Internet holiday shopping rose 8.1 percent on Cyber Monday, slowing from last year as consumers spread their online purchases over more days.
While digital commerce on Monday — typically the busiest day for Web shopping as U.S. consumers return to their desks after the U.S. Thanksgiving holiday weekend — had increased as of 6 p.m. in New York, the growth wasn’t as fast as last year, when sales had jumped 17.5 percent in the same period, according to International Business Machines Corp.
The slowdown took place even as Amazon.com Inc., EBay Inc. and other online retailers cut prices on electronics to lure shoppers. Amazon touted its Fire TV streaming device for $69 as part of its Cyber Monday promotions. EBay featured discounts on laptops and notebooks of various brands. Gap Inc. and other retailers offered discounts of 40 percent in their online stores Monday.
The slower pace of growth on Cyber Monday reflects an earlier start to the shopping season, with some retailers like Amazon offering online deals a week before Black Friday, according to Jay Henderson, strategy program director at IBM.
“It’s not like the day isn’t growing, it’s just that the additional growth is being spread more evenly on other days,” Henderson said.
Online shopping on Saturday and Sunday was up 17 percent compared with the same weekend in 2013, Henderson said. IBM began measuring online sales on the weekend before Cyber Monday last year in response to the sales covering a broader period.
Cyber Monday is typically seen as an opportunity for retailers to “stem some of the bleeding,” said Sucharita Mulpuru, an analyst at Forrester Research in Cambridge, Massachusetts.

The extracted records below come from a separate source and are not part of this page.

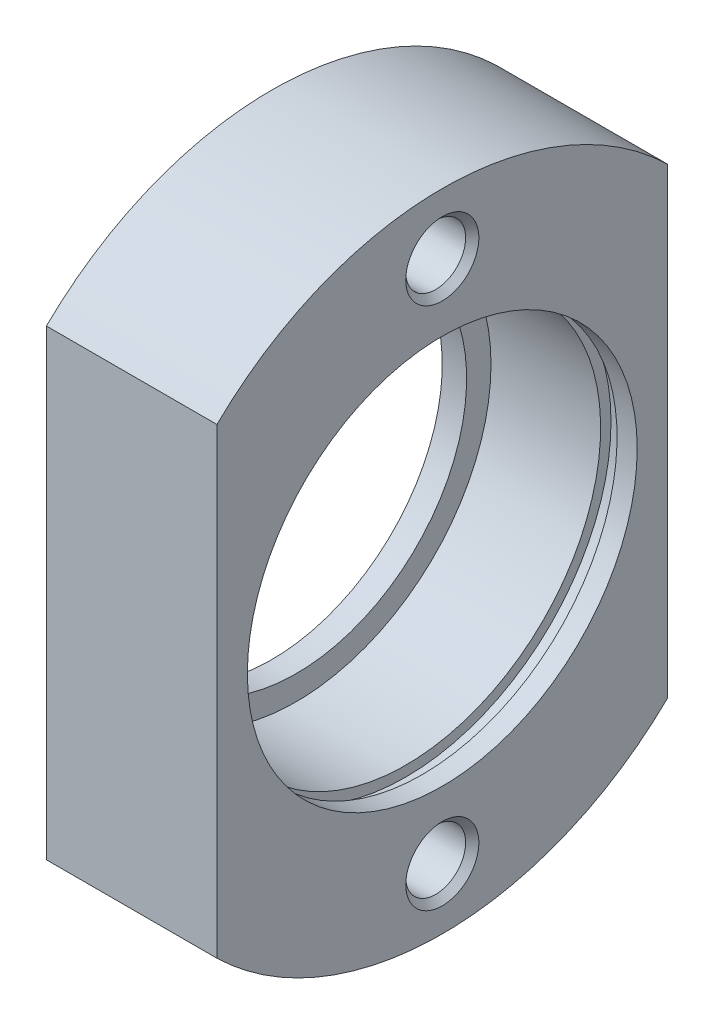
ISO-10303-21;
HEADER;
FILE_DESCRIPTION(('STEP AP214'),'2;1');
FILE_NAME('part.step','',(''),(''),'','','');
FILE_SCHEMA(('AUTOMOTIVE_DESIGN { 1 0 10303 214 1 1 1 1 }'));
ENDSEC;
DATA;
#1=APPLICATION_CONTEXT('core data for automotive mechanical design processes');
#2=APPLICATION_PROTOCOL_DEFINITION('international standard','automotive_design',2000,#1);
#3=PRODUCT_CONTEXT('',#1,'mechanical');
#4=PRODUCT('Part','Part','',(#3));
#5=PRODUCT_RELATED_PRODUCT_CATEGORY('part','',(#4));
#6=PRODUCT_DEFINITION_FORMATION('','',#4);
#7=PRODUCT_DEFINITION_CONTEXT('part definition',#1,'design');
#8=PRODUCT_DEFINITION('design','',#6,#7);
#9=PRODUCT_DEFINITION_SHAPE('','',#8);
#10=(LENGTH_UNIT() NAMED_UNIT(*) SI_UNIT(.MILLI.,.METRE.));
#11=(NAMED_UNIT(*) PLANE_ANGLE_UNIT() SI_UNIT($,.RADIAN.));
#12=(NAMED_UNIT(*) SI_UNIT($,.STERADIAN.) SOLID_ANGLE_UNIT());
#13=UNCERTAINTY_MEASURE_WITH_UNIT(LENGTH_MEASURE(1.E-05),#10,'distance_accuracy_value','');
#14=(GEOMETRIC_REPRESENTATION_CONTEXT(3) GLOBAL_UNCERTAINTY_ASSIGNED_CONTEXT((#13)) GLOBAL_UNIT_ASSIGNED_CONTEXT((#10,
#11,#12)) REPRESENTATION_CONTEXT('',''));
#15=CARTESIAN_POINT('',(0.,0.,0.));
#16=DIRECTION('',(0.,0.,1.));
#17=DIRECTION('',(1.,0.,0.));
#18=AXIS2_PLACEMENT_3D('',#15,#16,#17);
#19=CARTESIAN_POINT('',(7.,0.,0.));
#20=DIRECTION('',(-1.,0.,0.));
#21=DIRECTION('',(0.,0.,1.));
#22=AXIS2_PLACEMENT_3D('',#19,#20,#21);
#23=CYLINDRICAL_SURFACE('',#22,16.);
#24=CARTESIAN_POINT('',(-5.,0.,0.));
#25=DIRECTION('',(-1.,0.,0.));
#26=DIRECTION('',(0.,0.,1.));
#27=AXIS2_PLACEMENT_3D('',#24,#25,#26);
#28=CIRCLE('',#27,16.);
#29=CARTESIAN_POINT('',(-5.,0.,16.));
#30=VERTEX_POINT('',#29);
#31=EDGE_CURVE('E131',#30,#30,#28,.T.);
#32=ORIENTED_EDGE('',*,*,#31,.T.);
#33=EDGE_LOOP('',(#32));
#34=FACE_BOUND('',#33,.T.);
#35=CARTESIAN_POINT('',(3.99999999999996,0.,0.));
#36=DIRECTION('',(1.,0.,0.));
#37=DIRECTION('',(0.,1.,0.));
#38=AXIS2_PLACEMENT_3D('',#35,#36,#37);
#39=CIRCLE('',#38,16.);
#40=CARTESIAN_POINT('',(4.00000000000004,16.,0.));
#41=VERTEX_POINT('',#40);
#42=EDGE_CURVE('E37',#41,#41,#39,.T.);
#43=ORIENTED_EDGE('',*,*,#42,.T.);
#44=EDGE_LOOP('',(#43));
#45=FACE_BOUND('',#44,.T.);
#46=ADVANCED_FACE('F33',(#34,#45),#23,.F.);
#47=CARTESIAN_POINT('',(7.,0.,0.));
#48=DIRECTION('',(-1.,0.,0.));
#49=DIRECTION('',(0.,0.,1.));
#50=AXIS2_PLACEMENT_3D('',#47,#48,#49);
#51=CIRCLE('',#50,16.);
#52=CARTESIAN_POINT('',(7.,0.,16.));
#53=VERTEX_POINT('',#52);
#54=EDGE_CURVE('E118',#53,#53,#51,.T.);
#55=ORIENTED_EDGE('',*,*,#54,.F.);
#56=EDGE_LOOP('',(#55));
#57=FACE_BOUND('',#56,.T.);
#58=CARTESIAN_POINT('',(5.34999999999996,0.,0.));
#59=DIRECTION('',(-1.,0.,0.));
#60=DIRECTION('',(0.,-1.,0.));
#61=AXIS2_PLACEMENT_3D('',#58,#59,#60);
#62=CIRCLE('',#61,16.);
#63=CARTESIAN_POINT('',(5.34999999999987,-16.,0.));
#64=VERTEX_POINT('',#63);
#65=EDGE_CURVE('E112',#64,#64,#62,.T.);
#66=ORIENTED_EDGE('',*,*,#65,.T.);
#67=EDGE_LOOP('',(#66));
#68=FACE_BOUND('',#67,.T.);
#69=ADVANCED_FACE('F153',(#57,#68),#23,.F.);
#70=CARTESIAN_POINT('',(7.,-6.83481049534862E-13,0.));
#71=DIRECTION('',(-1.,0.,0.));
#72=DIRECTION('',(0.,0.,1.));
#73=AXIS2_PLACEMENT_3D('',#70,#71,#72);
#74=CYLINDRICAL_SURFACE('',#73,26.5000000000003);
#75=DIRECTION('',(-1.,0.,0.));
#76=VECTOR('',#75,1.);
#77=CARTESIAN_POINT('',(7.,18.97366596101,-18.5));
#78=LINE('',#77,#76);
#79=CARTESIAN_POINT('',(7.,18.97366596101,-18.5));
#80=VERTEX_POINT('',#79);
#81=CARTESIAN_POINT('',(-7.,18.97366596101,-18.5));
#82=VERTEX_POINT('',#81);
#83=EDGE_CURVE('E93',#80,#82,#78,.T.);
#84=ORIENTED_EDGE('',*,*,#83,.T.);
#85=CARTESIAN_POINT('',(-7.,-6.83481049534862E-13,0.));
#86=DIRECTION('',(1.,0.,0.));
#87=DIRECTION('',(0.,0.,-1.));
#88=AXIS2_PLACEMENT_3D('',#85,#86,#87);
#89=CIRCLE('',#88,26.5000000000003);
#90=CARTESIAN_POINT('',(-7.,18.97366596101,18.5));
#91=VERTEX_POINT('',#90);
#92=EDGE_CURVE('E88',#82,#91,#89,.T.);
#93=ORIENTED_EDGE('',*,*,#92,.T.);
#94=DIRECTION('',(-1.,0.,0.));
#95=VECTOR('',#94,1.);
#96=CARTESIAN_POINT('',(7.,18.97366596101,18.5));
#97=LINE('',#96,#95);
#98=CARTESIAN_POINT('',(7.,18.97366596101,18.5));
#99=VERTEX_POINT('',#98);
#100=EDGE_CURVE('E11',#99,#91,#97,.T.);
#101=ORIENTED_EDGE('',*,*,#100,.F.);
#102=CARTESIAN_POINT('',(7.,-6.83481049534862E-13,0.));
#103=DIRECTION('',(1.,0.,0.));
#104=DIRECTION('',(0.,0.,-1.));
#105=AXIS2_PLACEMENT_3D('',#102,#103,#104);
#106=CIRCLE('',#105,26.5000000000003);
#107=EDGE_CURVE('E104',#80,#99,#106,.T.);
#108=ORIENTED_EDGE('',*,*,#107,.F.);
#109=EDGE_LOOP('',(#84,#93,#101,#108));
#110=FACE_BOUND('',#109,.T.);
#111=ADVANCED_FACE('F35',(#110),#74,.T.);
#112=CARTESIAN_POINT('',(7.,18.97366596101,18.5));
#113=DIRECTION('',(0.,0.,-1.));
#114=DIRECTION('',(-1.,0.,0.));
#115=AXIS2_PLACEMENT_3D('',#112,#113,#114);
#116=PLANE('',#115);
#117=ORIENTED_EDGE('',*,*,#100,.T.);
#118=DIRECTION('',(0.,-1.,0.));
#119=VECTOR('',#118,1.);
#120=CARTESIAN_POINT('',(-7.,18.97366596101,18.5));
#121=LINE('',#120,#119);
#122=CARTESIAN_POINT('',(-7.,-18.97366596101,18.5));
#123=VERTEX_POINT('',#122);
#124=EDGE_CURVE('E78',#91,#123,#121,.T.);
#125=ORIENTED_EDGE('',*,*,#124,.T.);
#126=DIRECTION('',(-1.,0.,0.));
#127=VECTOR('',#126,1.);
#128=CARTESIAN_POINT('',(7.,-18.97366596101,18.5));
#129=LINE('',#128,#127);
#130=CARTESIAN_POINT('',(7.,-18.97366596101,18.5));
#131=VERTEX_POINT('',#130);
#132=EDGE_CURVE('E42',#131,#123,#129,.T.);
#133=ORIENTED_EDGE('',*,*,#132,.F.);
#134=DIRECTION('',(0.,-1.,0.));
#135=VECTOR('',#134,1.);
#136=CARTESIAN_POINT('',(7.,18.97366596101,18.5));
#137=LINE('',#136,#135);
#138=EDGE_CURVE('E79',#99,#131,#137,.T.);
#139=ORIENTED_EDGE('',*,*,#138,.F.);
#140=EDGE_LOOP('',(#117,#125,#133,#139));
#141=FACE_BOUND('',#140,.T.);
#142=ADVANCED_FACE('F76',(#141),#116,.F.);
#143=CARTESIAN_POINT('',(7.,-6.83481049534862E-13,0.));
#144=DIRECTION('',(-1.,0.,0.));
#145=DIRECTION('',(0.,0.,1.));
#146=AXIS2_PLACEMENT_3D('',#143,#144,#145);
#147=CYLINDRICAL_SURFACE('',#146,26.4999999999993);
#148=ORIENTED_EDGE('',*,*,#132,.T.);
#149=CARTESIAN_POINT('',(-7.,-6.83481049534862E-13,0.));
#150=DIRECTION('',(1.,0.,0.));
#151=DIRECTION('',(0.,0.,-1.));
#152=AXIS2_PLACEMENT_3D('',#149,#150,#151);
#153=CIRCLE('',#152,26.4999999999993);
#154=CARTESIAN_POINT('',(-7.,-18.97366596101,-18.5));
#155=VERTEX_POINT('',#154);
#156=EDGE_CURVE('E91',#123,#155,#153,.T.);
#157=ORIENTED_EDGE('',*,*,#156,.T.);
#158=DIRECTION('',(-1.,0.,0.));
#159=VECTOR('',#158,1.);
#160=CARTESIAN_POINT('',(7.,-18.97366596101,-18.5));
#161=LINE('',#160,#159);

“Black Friday becomes more irrelevant every year,” said Mulpuru, who predicts online shopping will reach $89 billion this holiday season.
Sales at San Jose, California-based EBay climbed 23 percent on Cyber Monday, beating the overall growth rate, while Amazon lagged at 14 percent, according to researcher ChannelAdvisor Corp. That’s because the Seattle-based online retailer pushed deals earlier, helping it to post sales growth of 46 percent on Saturday and 24 percent on Sunday, according to the firm.
“Consumers are definitely shopping earlier,” said Scot Wingo, ChannelAdvisor’s chief executive officer. “Thanksgiving eats into Black Friday, and Saturday and Sunday are eating into Cyber Monday.”
Shopping on smartphones and tablets so far today accounted for about 20 percent of e-commerce sales, up from a total of 17 percent the previous year, according to IBM.
The broader retail industry had a disappointing holiday kickoff on Black Friday, the day after Thanksgiving. Spending fell an estimated 11 percent over the weekend from a year earlier, the National Retail Federation said Sunday. Ben Hemminger, CEO of online retailer Fashionphile LLC, abandoned Cyber Monday sales last year because they didn’t help his business. Instead of giving discounts on Cyber Monday this year, the company is offering a free $4,000 Chanel handbag as a way to draw visitors.
“Picking a certain day to kick off a sale doesn’t work as well as it used to, because all the other retailers offer deals earlier and earlier,” Hemminger said. “When you start moving that date back, the significance of Cyber Monday or Black Friday is diminished.”
Total spending fell to $50.9 billion over the past four days, down from $57.4 billion in 2013, according to the NRF. It was the second year in a row that sales declined during the post-Thanksgiving Black Friday weekend, which had been famous for long lines and frenzied crowds seeking door-buster deals on electronics.
This year, many shoppers stayed home. The NRF had predicted that 140.1 million customers would visit retailers last weekend. Instead, only 133.7 million showed up. The slow start may make it harder for retailers to hit sales targets over the next month. The NRF had predicted a 4.1 percent sales gain for November and December — the best performance since 2011.
Holiday shopping is key for retailers — with sales in November and December accounting for about 19 percent of annual revenue, according to the NRF — and more of that is shifting online. While e-commerce orders are growing, they’re still dwarfed by brick-and-mortar sales.
As of Sunday, holiday shoppers had spent $22.7 billion online this season, up 15 percent from a year earlier, according to ComScore Inc. That includes more than $1.5 billion on Black Friday.
Sales at Amazon, the world’s largest online retailer, jumped 46 percent on Saturday and 24 percent on Black Friday, according to ChannelAdvisor. That exceeded total e-commerce growth on those days, the research firm found.